By default the following instrumentations will automatically be enabled if installed. In order to use
any of these instrumentations, you'll need to install them with npm and then run your app with -r @splunk/otel/instrument
flag as described above.
@opentelemetry/instrumentation-amqplib
@opentelemetry/instrumentation-aws-lambda
@opentelemetry/instrumentation-aws-sdk
@opentelemetry/instrumentation-bunyan
@opentelemetry/instrumentation-cassandra-driver
@opentelemetry/instrumentation-connect
@opentelemetry/instrumentation-dns
@opentelemetry/instrumentation-express
@opentelemetry/instrumentation-fastify
@opentelemetry/instrumentation-fs
@opentelemetry/instrumentation-generic-pool
@opentelemetry/instrumentation-graphql
@opentelemetry/instrumentation-grpc
@opentelemetry/instrumentation-hapi
@opentelemetry/instrumentation-http
@opentelemetry/instrumentation-ioredis
@opentelemetry/instrumentation-knex
@opentelemetry/instrumentation-koa
@opentelemetry/instrumentation-memcached
@opentelemetry/instrumentation-mongodb
@opentelemetry/instrumentation-mysql
@opentelemetry/instrumentation-mysql2
@opentelemetry/instrumentation-nestjs-core
@opentelemetry/instrumentation-net
@opentelemetry/instrumentation-pg
@opentelemetry/instrumentation-pino
@opentelemetry/instrumentation-redis
@opentelemetry/instrumentation-restify
@opentelemetry/instrumentation-tedious
@opentelemetry/instrumentation-winston
opentelemetry-instrumentation-elasticsearch
opentelemetry-instrumentation-kafkajs
opentelemetry-instrumentation-mongoose
opentelemetry-instrumentation-sequelize
opentelemetry-instrumentation-typeorm
You can find more instrumentation packages over at the OpenTelemetry Registry and enable them manually as described above.

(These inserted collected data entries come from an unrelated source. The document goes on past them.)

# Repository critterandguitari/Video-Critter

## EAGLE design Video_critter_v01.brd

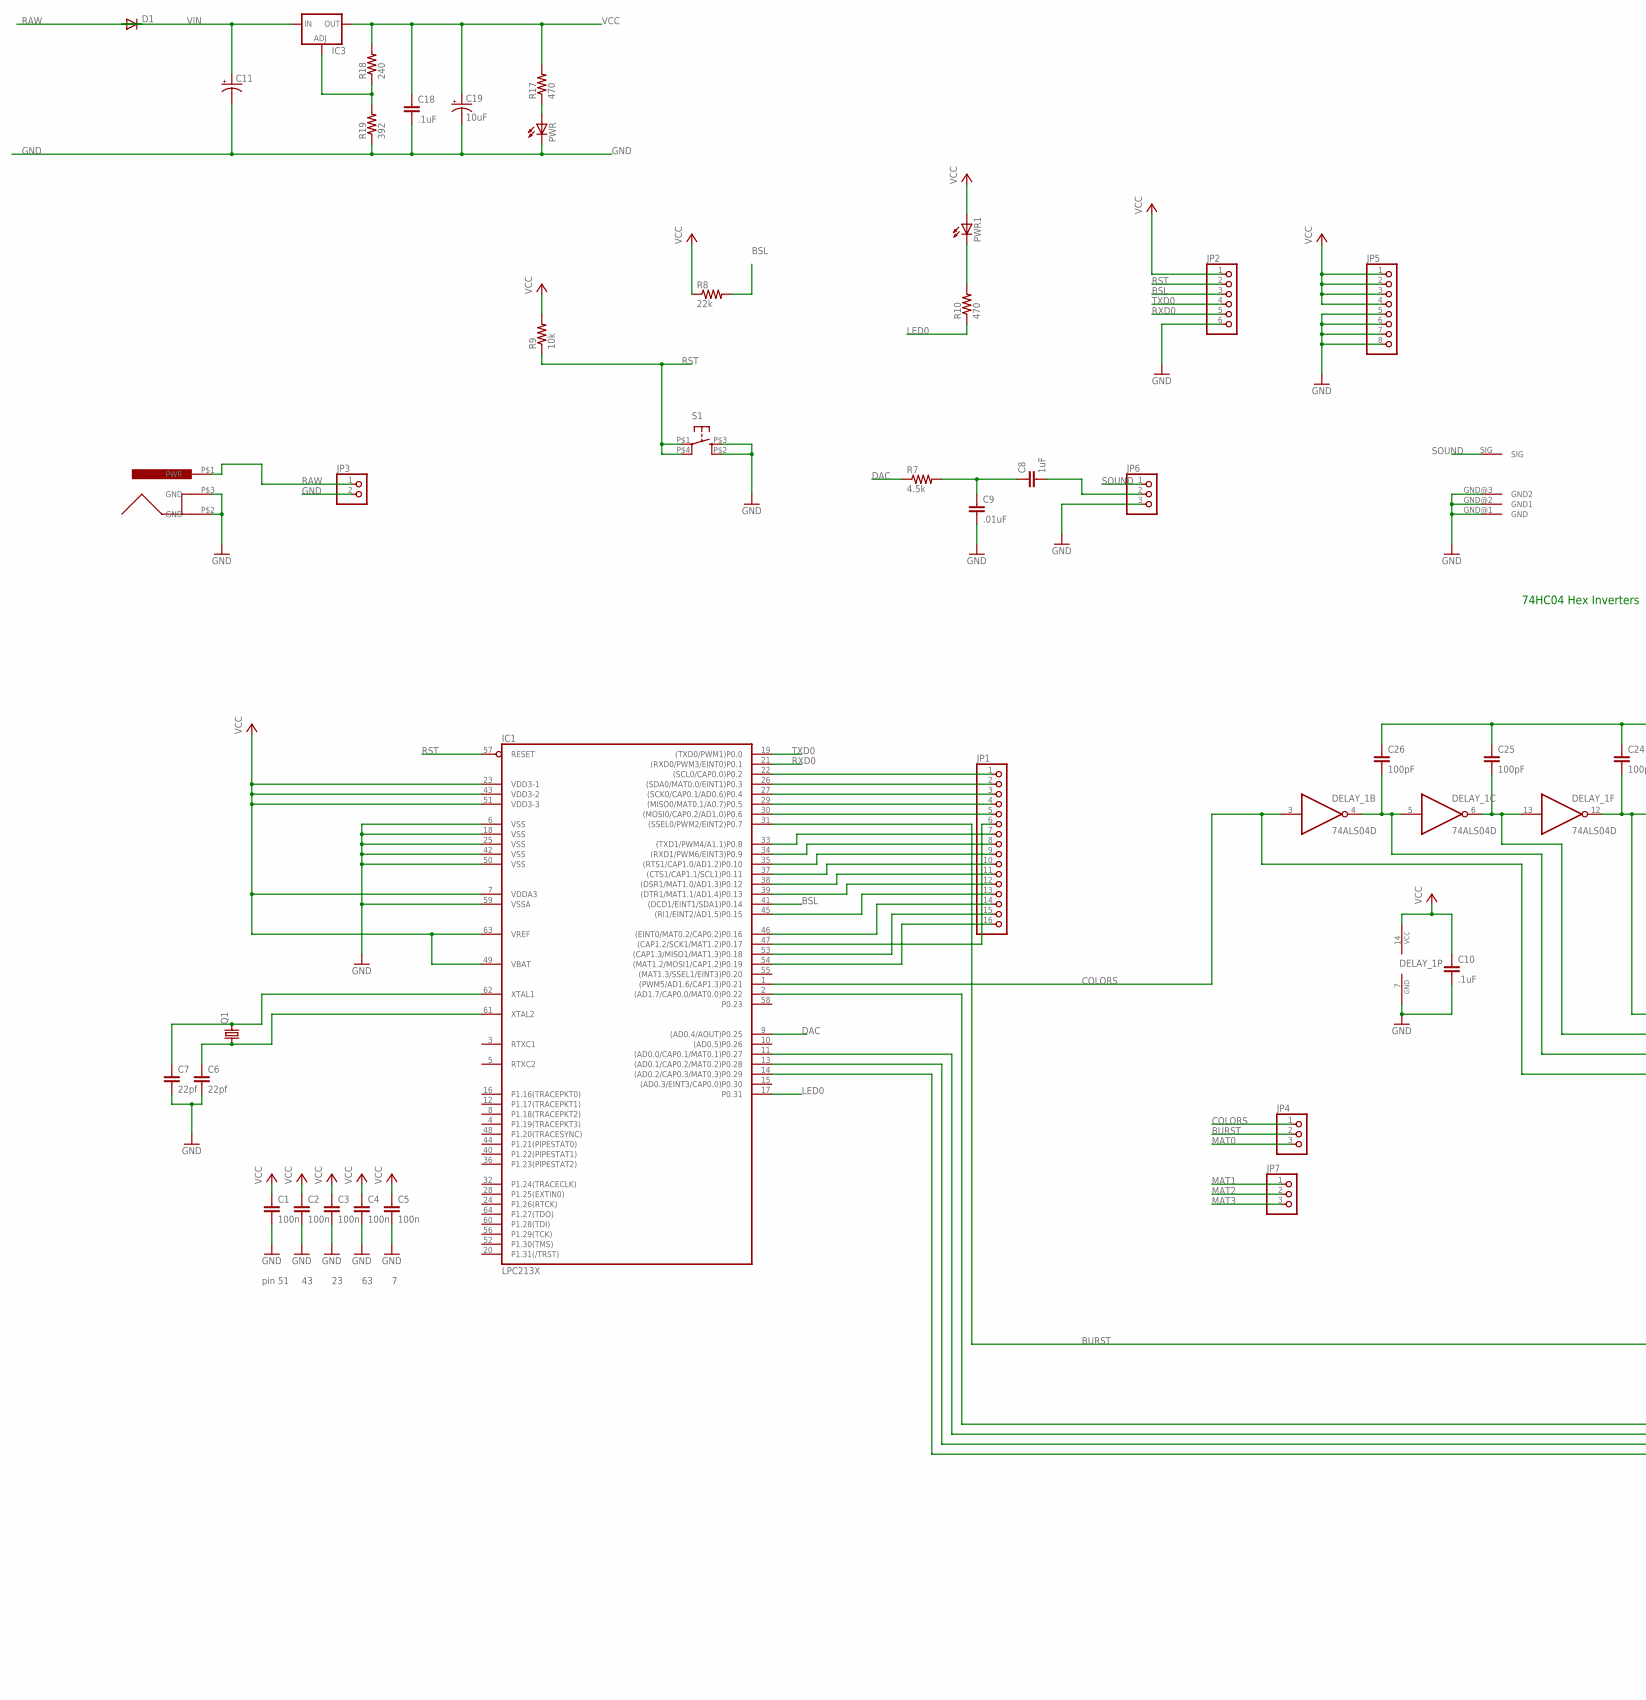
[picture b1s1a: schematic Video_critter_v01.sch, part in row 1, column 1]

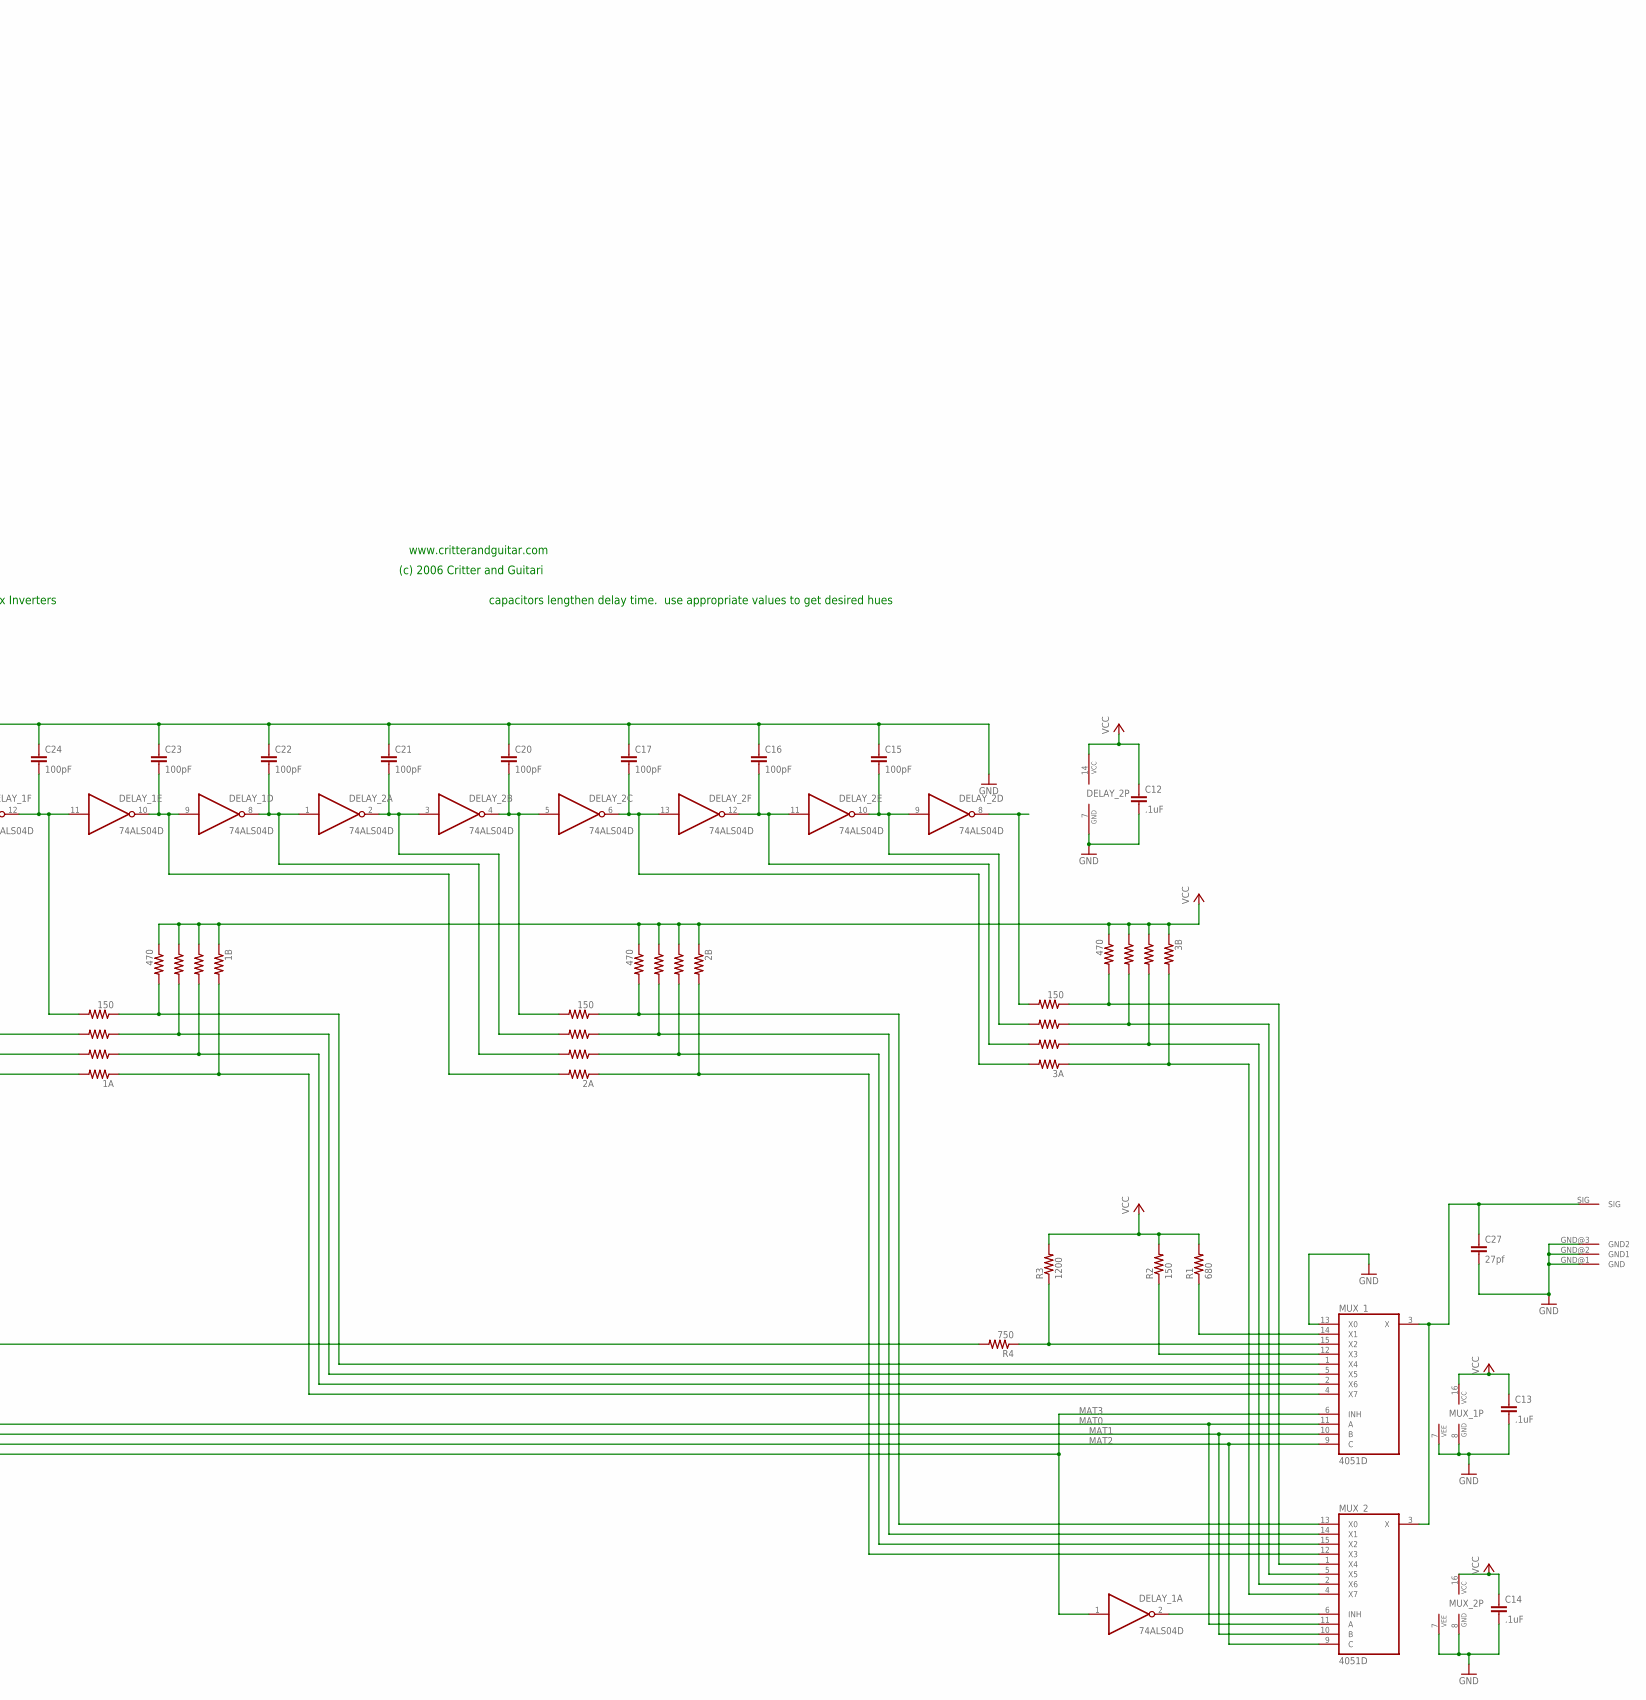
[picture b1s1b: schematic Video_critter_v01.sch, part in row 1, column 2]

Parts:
1A, 2A, 3A: 150; 1206X4RESISTOR
1B, 2B, 3B: 470; 1206X4RESISTOR
C1, C2, C3, C4, C5: 100n; C0603
C6, C7: 22pf; C0603
C8: 1uF; C0603
C9: .01uF; C0603
C10, C12, C13, C14, C18: .1uF; C0603
C11: CPOL-USE3.5-8; E3,5-8
C15, C16, C17, C20, C21, C22, C23, C24, C25, C26: 100pF; C0603
C19: 10uF; CPOL_1206
C27: 27pf; C0603
D1: DIODESMB; SMB
DELAY_1, DELAY_2: 74ALS04D; SO14
IC1: LPC213X; SQFP-S-10X10-64
IC3: V_REG_FAN1117SOT223; SOT223
JP1: PINHD-1X16; 1X16
JP2: PINHD-1X6; 1X06
JP3: PINHD-1X2; 1X02
JP4, JP6, JP7: PINHD-1X3; 1X03
JP5: PINHD-1X8; 1X08
MUX_1, MUX_2: 4051D; SO16
PWR, PWR1: LED1206; CHIPLED_1206
Q1: CRYSTALSOCKETED; HC49U-SOCKETED
R1: 680; R0603
R2: 150; R0603
R3: 1200; R0603
R4: 750; R0603
R7: 4.5k; R0603
R8: 22k; R0603
R9: 10k; R0603
R10, R17: 470; R0603
R18: 240; R0603
R19: 392; R0603
S1: TAC_SWITCH; TACTILE_SWITCH_SMD
U$1: POWER_JACK
U$5, U$6: PHONO_PLUG; PHONO_PCB

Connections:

Note that many of the instrumentation libraries offered by OpenTelemetry are still experimental.
For troubleshooting issues with the Splunk Distribution of OpenTelemetry JS, see Troubleshooting.
The Splunk distribution of OpenTelemetry JS Instrumentation is a distribution of the OpenTelemetry JS project. It is released under the terms of the Apache Software License version 2.0. See the license file for more details.